* Assigned task
Because the entries hold pictures, reproduce only their words, exactly as written.

* Data

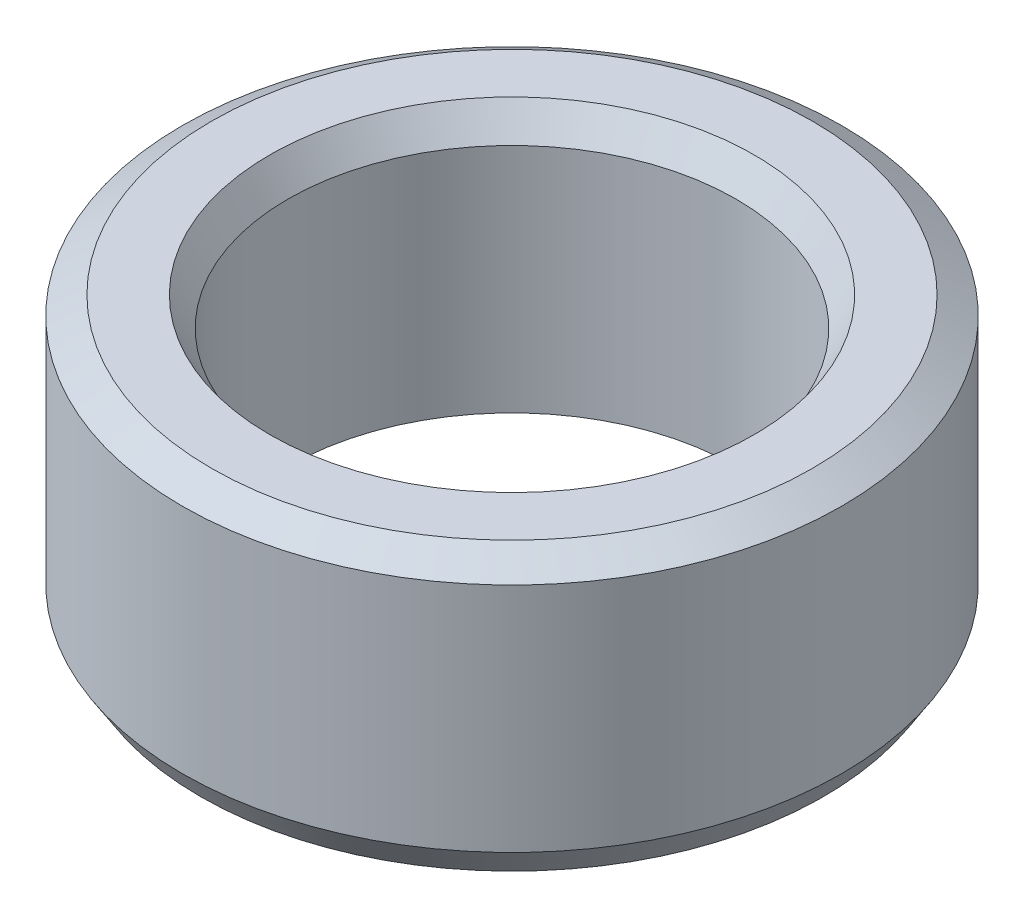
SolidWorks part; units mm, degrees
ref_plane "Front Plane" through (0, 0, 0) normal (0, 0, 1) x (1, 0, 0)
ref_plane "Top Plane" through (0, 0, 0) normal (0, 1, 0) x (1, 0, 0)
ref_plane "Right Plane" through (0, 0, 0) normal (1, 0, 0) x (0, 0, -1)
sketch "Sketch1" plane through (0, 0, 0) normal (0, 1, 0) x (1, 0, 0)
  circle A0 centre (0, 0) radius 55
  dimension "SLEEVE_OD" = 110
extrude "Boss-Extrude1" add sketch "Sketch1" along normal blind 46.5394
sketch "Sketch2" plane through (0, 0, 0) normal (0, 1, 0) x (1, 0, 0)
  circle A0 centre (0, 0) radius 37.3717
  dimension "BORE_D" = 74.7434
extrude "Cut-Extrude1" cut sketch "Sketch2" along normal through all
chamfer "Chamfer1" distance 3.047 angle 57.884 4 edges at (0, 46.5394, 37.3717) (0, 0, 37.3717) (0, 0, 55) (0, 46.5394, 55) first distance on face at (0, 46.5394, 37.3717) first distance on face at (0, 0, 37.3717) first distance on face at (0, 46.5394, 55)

* Worked solution
SolidWorks part; units mm, degrees
ref_plane "Front Plane" through (0, 0, 0) normal (0, 0, 1) x (1, 0, 0)
ref_plane "Top Plane" through (0, 0, 0) normal (0, 1, 0) x (1, 0, 0)
ref_plane "Right Plane" through (0, 0, 0) normal (1, 0, 0) x (0, 0, -1)
sketch "Sketch1" plane through (0, 0, 0) normal (0, 1, 0) x (1, 0, 0)
  circle A0 centre (0, 0) radius 55
  dimension "SLEEVE_OD" = 110
extrude "Boss-Extrude1" add sketch "Sketch1" along normal blind 46.5394
sketch "Sketch2" plane through (0, 0, 0) normal (0, 1, 0) x (1, 0, 0)
  circle A0 centre (0, 0) radius 37.3717
  dimension "BORE_D" = 74.7434
extrude "Cut-Extrude1" cut sketch "Sketch2" along normal through all
chamfer "Chamfer1" distance 3.047 angle 57.884 4 edges at (0, 46.5394, 37.3717) (0, 0, 37.3717) (0, 0, 55) (0, 46.5394, 55) first distance on face at (0, 46.5394, 37.3717) first distance on face at (0, 0, 37.3717) first distance on face at (0, 46.5394, 55)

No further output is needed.